§ WHAT THE EXERCISE ASKS: In the entries below, find the line containing "#172=LINE('',#171,#170);" and the line containing "#179=CARTESIAN_POINT('',(10.,40.,0.));". Copy those two lines and everything between them exactly, and only that.

• • • •

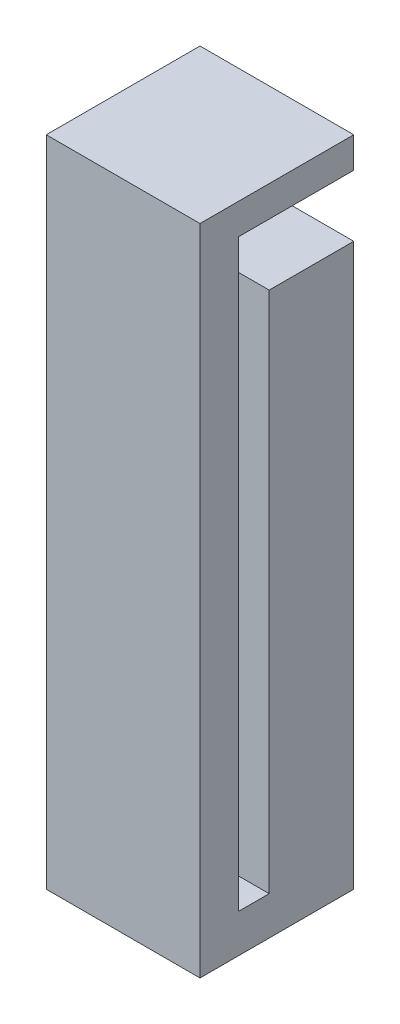
ISO-10303-21;
HEADER;
FILE_DESCRIPTION(('STEP AP214'),'2;1');
FILE_NAME('part.step','',(''),(''),'','','');
FILE_SCHEMA(('AUTOMOTIVE_DESIGN { 1 0 10303 214 1 1 1 1 }'));
ENDSEC;
DATA;
#1=APPLICATION_CONTEXT('core data for automotive mechanical design processes');
#2=APPLICATION_PROTOCOL_DEFINITION('international standard','automotive_design',2000,#1);
#3=PRODUCT_CONTEXT('',#1,'mechanical');
#4=PRODUCT('Part','Part','',(#3));
#5=PRODUCT_RELATED_PRODUCT_CATEGORY('part','',(#4));
#6=PRODUCT_DEFINITION_FORMATION('','',#4);
#7=PRODUCT_DEFINITION_CONTEXT('part definition',#1,'design');
#8=PRODUCT_DEFINITION('design','',#6,#7);
#9=PRODUCT_DEFINITION_SHAPE('','',#8);
#10=(LENGTH_UNIT() NAMED_UNIT(*) SI_UNIT(.MILLI.,.METRE.));
#11=(NAMED_UNIT(*) PLANE_ANGLE_UNIT() SI_UNIT($,.RADIAN.));
#12=(NAMED_UNIT(*) SI_UNIT($,.STERADIAN.) SOLID_ANGLE_UNIT());
#13=UNCERTAINTY_MEASURE_WITH_UNIT(LENGTH_MEASURE(1.E-05),#10,'distance_accuracy_value','');
#14=(GEOMETRIC_REPRESENTATION_CONTEXT(3) GLOBAL_UNCERTAINTY_ASSIGNED_CONTEXT((#13)) GLOBAL_UNIT_ASSIGNED_CONTEXT((#10,
#11,#12)) REPRESENTATION_CONTEXT('',''));
#15=CARTESIAN_POINT('',(0.,0.,0.));
#16=DIRECTION('',(0.,0.,1.));
#17=DIRECTION('',(1.,0.,0.));
#18=AXIS2_PLACEMENT_3D('',#15,#16,#17);
#19=CARTESIAN_POINT('',(0.,40.,-2.5));
#20=DIRECTION('',(0.,0.,-1.));
#21=DIRECTION('',(-1.,0.,0.));
#22=AXIS2_PLACEMENT_3D('',#19,#20,#21);
#23=PLANE('',#22);
#24=DIRECTION('',(1.,0.,0.));
#25=VECTOR('',#24,1.);
#26=CARTESIAN_POINT('',(0.,0.,-2.5));
#27=LINE('',#26,#25);
#28=CARTESIAN_POINT('',(6.5,0.,-2.5));
#29=VERTEX_POINT('',#28);
#30=CARTESIAN_POINT('',(10.,0.,-2.5));
#31=VERTEX_POINT('',#30);
#32=EDGE_CURVE('E251',#29,#31,#27,.T.);
#33=ORIENTED_EDGE('',*,*,#32,.F.);
#34=DIRECTION('',(0.,-1.,0.));
#35=VECTOR('',#34,1.);
#36=CARTESIAN_POINT('',(6.5,43.6568542494924,-2.5));
#37=LINE('',#36,#35);
#38=CARTESIAN_POINT('',(6.5,38.,-2.5));
#39=VERTEX_POINT('',#38);
#40=EDGE_CURVE('E181',#39,#29,#37,.T.);
#41=ORIENTED_EDGE('',*,*,#40,.F.);
#42=DIRECTION('',(-1.,0.,0.));
#43=VECTOR('',#42,1.);
#44=CARTESIAN_POINT('',(2.5,38.,-2.5));
#45=LINE('',#44,#43);
#46=CARTESIAN_POINT('',(10.,38.,-2.5));
#47=VERTEX_POINT('',#46);
#48=EDGE_CURVE('E248',#47,#39,#45,.T.);
#49=ORIENTED_EDGE('',*,*,#48,.F.);
#50=DIRECTION('',(0.,1.,0.));
#51=VECTOR('',#50,1.);
#52=CARTESIAN_POINT('',(10.,38.,-2.5));
#53=LINE('',#52,#51);
#54=EDGE_CURVE('E229',#31,#47,#53,.T.);
#55=ORIENTED_EDGE('',*,*,#54,.F.);
#56=EDGE_LOOP('',(#33,#41,#49,#55));
#57=FACE_BOUND('',#56,.T.);
#58=ADVANCED_FACE('F39',(#57),#23,.T.);
#59=CARTESIAN_POINT('',(0.,0.,0.));
#60=DIRECTION('',(0.,-1.,0.));
#61=DIRECTION('',(0.,0.,-1.));
#62=AXIS2_PLACEMENT_3D('',#59,#60,#61);
#63=PLANE('',#62);
#64=DIRECTION('',(0.,0.,-1.));
#65=VECTOR('',#64,1.);
#66=CARTESIAN_POINT('',(6.5,0.,0.));
#67=LINE('',#66,#65);
#68=CARTESIAN_POINT('',(6.5,0.,-4.5));
#69=VERTEX_POINT('',#68);
#70=EDGE_CURVE('E183',#29,#69,#67,.T.);
#71=ORIENTED_EDGE('',*,*,#70,.F.);
#72=ORIENTED_EDGE('',*,*,#32,.T.);
#73=DIRECTION('',(0.,0.,1.));
#74=VECTOR('',#73,1.);
#75=CARTESIAN_POINT('',(10.,0.,0.));
#76=LINE('',#75,#74);
#77=CARTESIAN_POINT('',(10.,0.,-4.5));
#78=VERTEX_POINT('',#77);
#79=EDGE_CURVE('E216',#78,#31,#76,.T.);
#80=ORIENTED_EDGE('',*,*,#79,.F.);
#81=DIRECTION('',(-1.,0.,0.));
#82=VECTOR('',#81,1.);
#83=CARTESIAN_POINT('',(0.,0.,-4.5));
#84=LINE('',#83,#82);
#85=EDGE_CURVE('E190',#78,#69,#84,.T.);
#86=ORIENTED_EDGE('',*,*,#85,.T.);
#87=EDGE_LOOP('',(#71,#72,#80,#86));
#88=FACE_BOUND('',#87,.T.);
#89=ADVANCED_FACE('F281',(#88),#63,.F.);
#90=CARTESIAN_POINT('',(0.,48.6066017177982,-4.5));
#91=DIRECTION('',(0.,0.,1.));
#92=DIRECTION('',(1.,0.,0.));
#93=AXIS2_PLACEMENT_3D('',#90,#91,#92);
#94=PLANE('',#93);
#95=DIRECTION('',(-1.,0.,0.));
#96=VECTOR('',#95,1.);
#97=CARTESIAN_POINT('',(2.5,34.,-4.5));
#98=LINE('',#97,#96);
#99=CARTESIAN_POINT('',(10.,34.,-4.5));
#100=VERTEX_POINT('',#99);
#101=CARTESIAN_POINT('',(6.5,34.,-4.5));
#102=VERTEX_POINT('',#101);
#103=EDGE_CURVE('E193',#100,#102,#98,.T.);
#104=ORIENTED_EDGE('',*,*,#103,.T.);
#105=DIRECTION('',(0.,-1.,0.));
#106=VECTOR('',#105,1.);
#107=CARTESIAN_POINT('',(6.5,43.6568542494924,-4.5));
#108=LINE('',#107,#106);
#109=EDGE_CURVE('E184',#102,#69,#108,.T.);
#110=ORIENTED_EDGE('',*,*,#109,.T.);
#111=ORIENTED_EDGE('',*,*,#85,.F.);
#112=DIRECTION('',(0.,-1.,0.));
#113=VECTOR('',#112,1.);
#114=CARTESIAN_POINT('',(10.,48.6066017177982,-4.5));
#115=LINE('',#114,#113);
#116=EDGE_CURVE('E194',#100,#78,#115,.T.);
#117=ORIENTED_EDGE('',*,*,#116,.F.);
#118=EDGE_LOOP('',(#104,#110,#111,#117));
#119=FACE_BOUND('',#118,.T.);
#120=ADVANCED_FACE('F284',(#119),#94,.T.);
#121=CARTESIAN_POINT('',(10.,40.,0.));
#122=DIRECTION('',(-1.,0.,0.));
#123=DIRECTION('',(0.,0.,1.));
#124=AXIS2_PLACEMENT_3D('',#121,#122,#123);
#125=PLANE('',#124);
#126=DIRECTION('',(0.,-1.,0.));
#127=VECTOR('',#126,1.);
#128=CARTESIAN_POINT('',(10.,40.,0.));
#129=LINE('',#128,#127);
#130=CARTESIAN_POINT('',(10.,40.,0.));
#131=VERTEX_POINT('',#130);
#132=CARTESIAN_POINT('',(10.,-2.5,0.));
#133=VERTEX_POINT('',#132);
#134=EDGE_CURVE('E234',#131,#133,#129,.T.);
#135=ORIENTED_EDGE('',*,*,#134,.T.);
#136=DIRECTION('',(0.,0.,1.));
#137=VECTOR('',#136,1.);
#138=CARTESIAN_POINT('',(10.,-2.5,0.));
#139=LINE('',#138,#137);
#140=CARTESIAN_POINT('',(10.,-2.5,-10.));
#141=VERTEX_POINT('',#140);
#142=EDGE_CURVE('E218',#141,#133,#139,.T.);
#143=ORIENTED_EDGE('',*,*,#142,.F.);
#144=DIRECTION('',(0.,1.,0.));
#145=VECTOR('',#144,1.);
#146=CARTESIAN_POINT('',(10.,-2.5,-10.));
#147=LINE('',#146,#145);
#148=CARTESIAN_POINT('',(10.,34.,-10.));
#149=VERTEX_POINT('',#148);
#150=EDGE_CURVE('E224',#141,#149,#147,.T.);
#151=ORIENTED_EDGE('',*,*,#150,.T.);
#152=DIRECTION('',(0.,0.,-1.));
#153=VECTOR('',#152,1.);
#154=CARTESIAN_POINT('',(10.,34.,8.49999999999999));
#155=LINE('',#154,#153);
#156=EDGE_CURVE('E208',#100,#149,#155,.T.);
#157=ORIENTED_EDGE('',*,*,#156,.F.);
#158=ORIENTED_EDGE('',*,*,#116,.T.);
#159=ORIENTED_EDGE('',*,*,#79,.T.);
#160=ORIENTED_EDGE('',*,*,#54,.T.);
#161=DIRECTION('',(0.,0.,-1.));
#162=VECTOR('',#161,1.);
#163=CARTESIAN_POINT('',(10.,38.,8.49999999999999));
#164=LINE('',#163,#162);
#165=CARTESIAN_POINT('',(10.,38.,-10.));
#166=VERTEX_POINT('',#165);
#167=EDGE_CURVE('E237',#47,#166,#164,.T.);
#168=ORIENTED_EDGE('',*,*,#167,.T.);
#169=DIRECTION('',(0.,-1.,0.));
#170=VECTOR('',#169,1.);
#171=CARTESIAN_POINT('',(10.,40.,-10.));
#172=LINE('',#171,#170);
#173=CARTESIAN_POINT('',(10.,40.,-10.));
#174=VERTEX_POINT('',#173);
#175=EDGE_CURVE('E260',#174,#166,#172,.T.);
#176=ORIENTED_EDGE('',*,*,#175,.F.);
#177=DIRECTION('',(0.,0.,-1.));
#178=VECTOR('',#177,1.);
#179=CARTESIAN_POINT('',(10.,40.,0.));
#180=LINE('',#179,#178);
#181=EDGE_CURVE('E242',#131,#174,#180,.T.);
#182=ORIENTED_EDGE('',*,*,#181,.F.);
#183=EDGE_LOOP('',(#135,#143,#151,#157,#158,#159,#160,#168,#176,#182));
#184=FACE_BOUND('',#183,.T.);
#185=ADVANCED_FACE('F41',(#184),#125,.F.);
#186=CARTESIAN_POINT('',(0.,40.,-10.));
#187=DIRECTION('',(0.,0.,1.));
#188=DIRECTION('',(1.,0.,0.));
#189=AXIS2_PLACEMENT_3D('',#186,#187,#188);
#190=PLANE('',#189);
#191=DIRECTION('',(1.,0.,0.));
#192=VECTOR('',#191,1.);
#193=CARTESIAN_POINT('',(2.5,38.,-10.));
#194=LINE('',#193,#192);
#195=CARTESIAN_POINT('',(2.5,38.,-10.));
#196=VERTEX_POINT('',#195);
#197=EDGE_CURVE('E239',#196,#166,#194,.T.);
#198=ORIENTED_EDGE('',*,*,#197,.F.);
#199=DIRECTION('',(0.,-1.,0.));
#200=VECTOR('',#199,1.);
#201=CARTESIAN_POINT('',(2.5,48.6066017177982,-10.));
#202=LINE('',#201,#200);
#203=CARTESIAN_POINT('',(2.5,0.,-10.));
#204=VERTEX_POINT('',#203);
#205=EDGE_CURVE('E236',#196,#204,#202,.T.);
#206=ORIENTED_EDGE('',*,*,#205,.T.);
#207=DIRECTION('',(1.,0.,0.));
#208=VECTOR('',#207,1.);
#209=CARTESIAN_POINT('',(0.,0.,-10.));
#210=LINE('',#209,#208);
#211=CARTESIAN_POINT('',(4.5,0.,-10.));
#212=VERTEX_POINT('',#211);
#213=EDGE_CURVE('E211',#204,#212,#210,.T.);
#214=ORIENTED_EDGE('',*,*,#213,.T.);
#215=DIRECTION('',(0.,-1.,0.));
#216=VECTOR('',#215,1.);
#217=CARTESIAN_POINT('',(4.5,48.6066017177982,-10.));
#218=LINE('',#217,#216);
#219=CARTESIAN_POINT('',(4.5,34.,-10.));
#220=VERTEX_POINT('',#219);
#221=EDGE_CURVE('E189',#220,#212,#218,.T.);
#222=ORIENTED_EDGE('',*,*,#221,.F.);
#223=DIRECTION('',(-1.,0.,0.));
#224=VECTOR('',#223,1.);
#225=CARTESIAN_POINT('',(2.5,34.,-10.));
#226=LINE('',#225,#224);
#227=EDGE_CURVE('E205',#149,#220,#226,.T.);
#228=ORIENTED_EDGE('',*,*,#227,.F.);
#229=ORIENTED_EDGE('',*,*,#150,.F.);
#230=DIRECTION('',(1.,0.,0.));
#231=VECTOR('',#230,1.);
#232=CARTESIAN_POINT('',(0.,-2.5,-10.));
#233=LINE('',#232,#231);
#234=CARTESIAN_POINT('',(0.,-2.5,-10.));
#235=VERTEX_POINT('',#234);
#236=EDGE_CURVE('E215',#235,#141,#233,.T.);
#237=ORIENTED_EDGE('',*,*,#236,.F.);
#238=DIRECTION('',(0.,-1.,0.));
#239=VECTOR('',#238,1.);
#240=CARTESIAN_POINT('',(0.,40.,-10.));
#241=LINE('',#240,#239);
#242=CARTESIAN_POINT('',(0.,40.,-10.));
#243=VERTEX_POINT('',#242);
#244=EDGE_CURVE('E233',#243,#235,#241,.T.);
#245=ORIENTED_EDGE('',*,*,#244,.F.);
#246=DIRECTION('',(-1.,0.,0.));
#247=VECTOR('',#246,1.);
#248=CARTESIAN_POINT('',(0.,40.,-10.));
#249=LINE('',#248,#247);
#250=EDGE_CURVE('E240',#174,#243,#249,.T.);
#251=ORIENTED_EDGE('',*,*,#250,.F.);
#252=ORIENTED_EDGE('',*,*,#175,.T.);
#253=EDGE_LOOP('',(#198,#206,#214,#222,#228,#229,#237,#245,#251,#252));
#254=FACE_BOUND('',#253,.T.);
#255=ADVANCED_FACE('F267',(#254),#190,.F.);
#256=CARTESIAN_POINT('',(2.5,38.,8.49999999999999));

• • • •

§ SOLUTION FOR THIS TASK:
#172=LINE('',#171,#170);
#173=CARTESIAN_POINT('',(10.,40.,-10.));
#174=VERTEX_POINT('',#173);
#175=EDGE_CURVE('E260',#174,#166,#172,.T.);
#176=ORIENTED_EDGE('',*,*,#175,.F.);
#177=DIRECTION('',(0.,0.,-1.));
#178=VECTOR('',#177,1.);
#179=CARTESIAN_POINT('',(10.,40.,0.));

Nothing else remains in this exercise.